[PROBLEM] Whenever the string "note" turns up in a line of the data below, copy that line.

[RECORDS]
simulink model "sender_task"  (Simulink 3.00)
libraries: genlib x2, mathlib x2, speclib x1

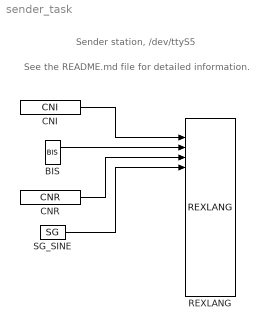
== system sender_task ==
  note: See the README.md file for detailed information.
  note: Sender station, /dev/ttyS5
  BIS : genlib/BIS  Y0=off  t1=1  t2=2  t3=0  t4=4  t5=5  t6=6  t7=7  t8=8  RPT=on
  CNI : mathlib/CNI  icn=87654321
  CNR : mathlib/CNR  ycn=-247.18
  REXLANG : speclib/REXLANG  srcname=sender_rexlang.c  srctype=1: STL  stack=0  debug=1: No check  fname=/dev/ttyS5
  SG_SINE : genlib/SG  isig=1: SINE  amp=10  freq=0.03  phase=0  ifrunit=1: Hz  iphunit=1: degrees
  wires:
  BIS/1 -> REXLANG/3
  CNI/1 -> REXLANG/2
  CNR/1 -> REXLANG/4
  SG_SINE/1 -> REXLANG/5

[YOUR SOLUTION]
  note: See the README.md file for detailed information.
  note: Sender station, /dev/ttyS5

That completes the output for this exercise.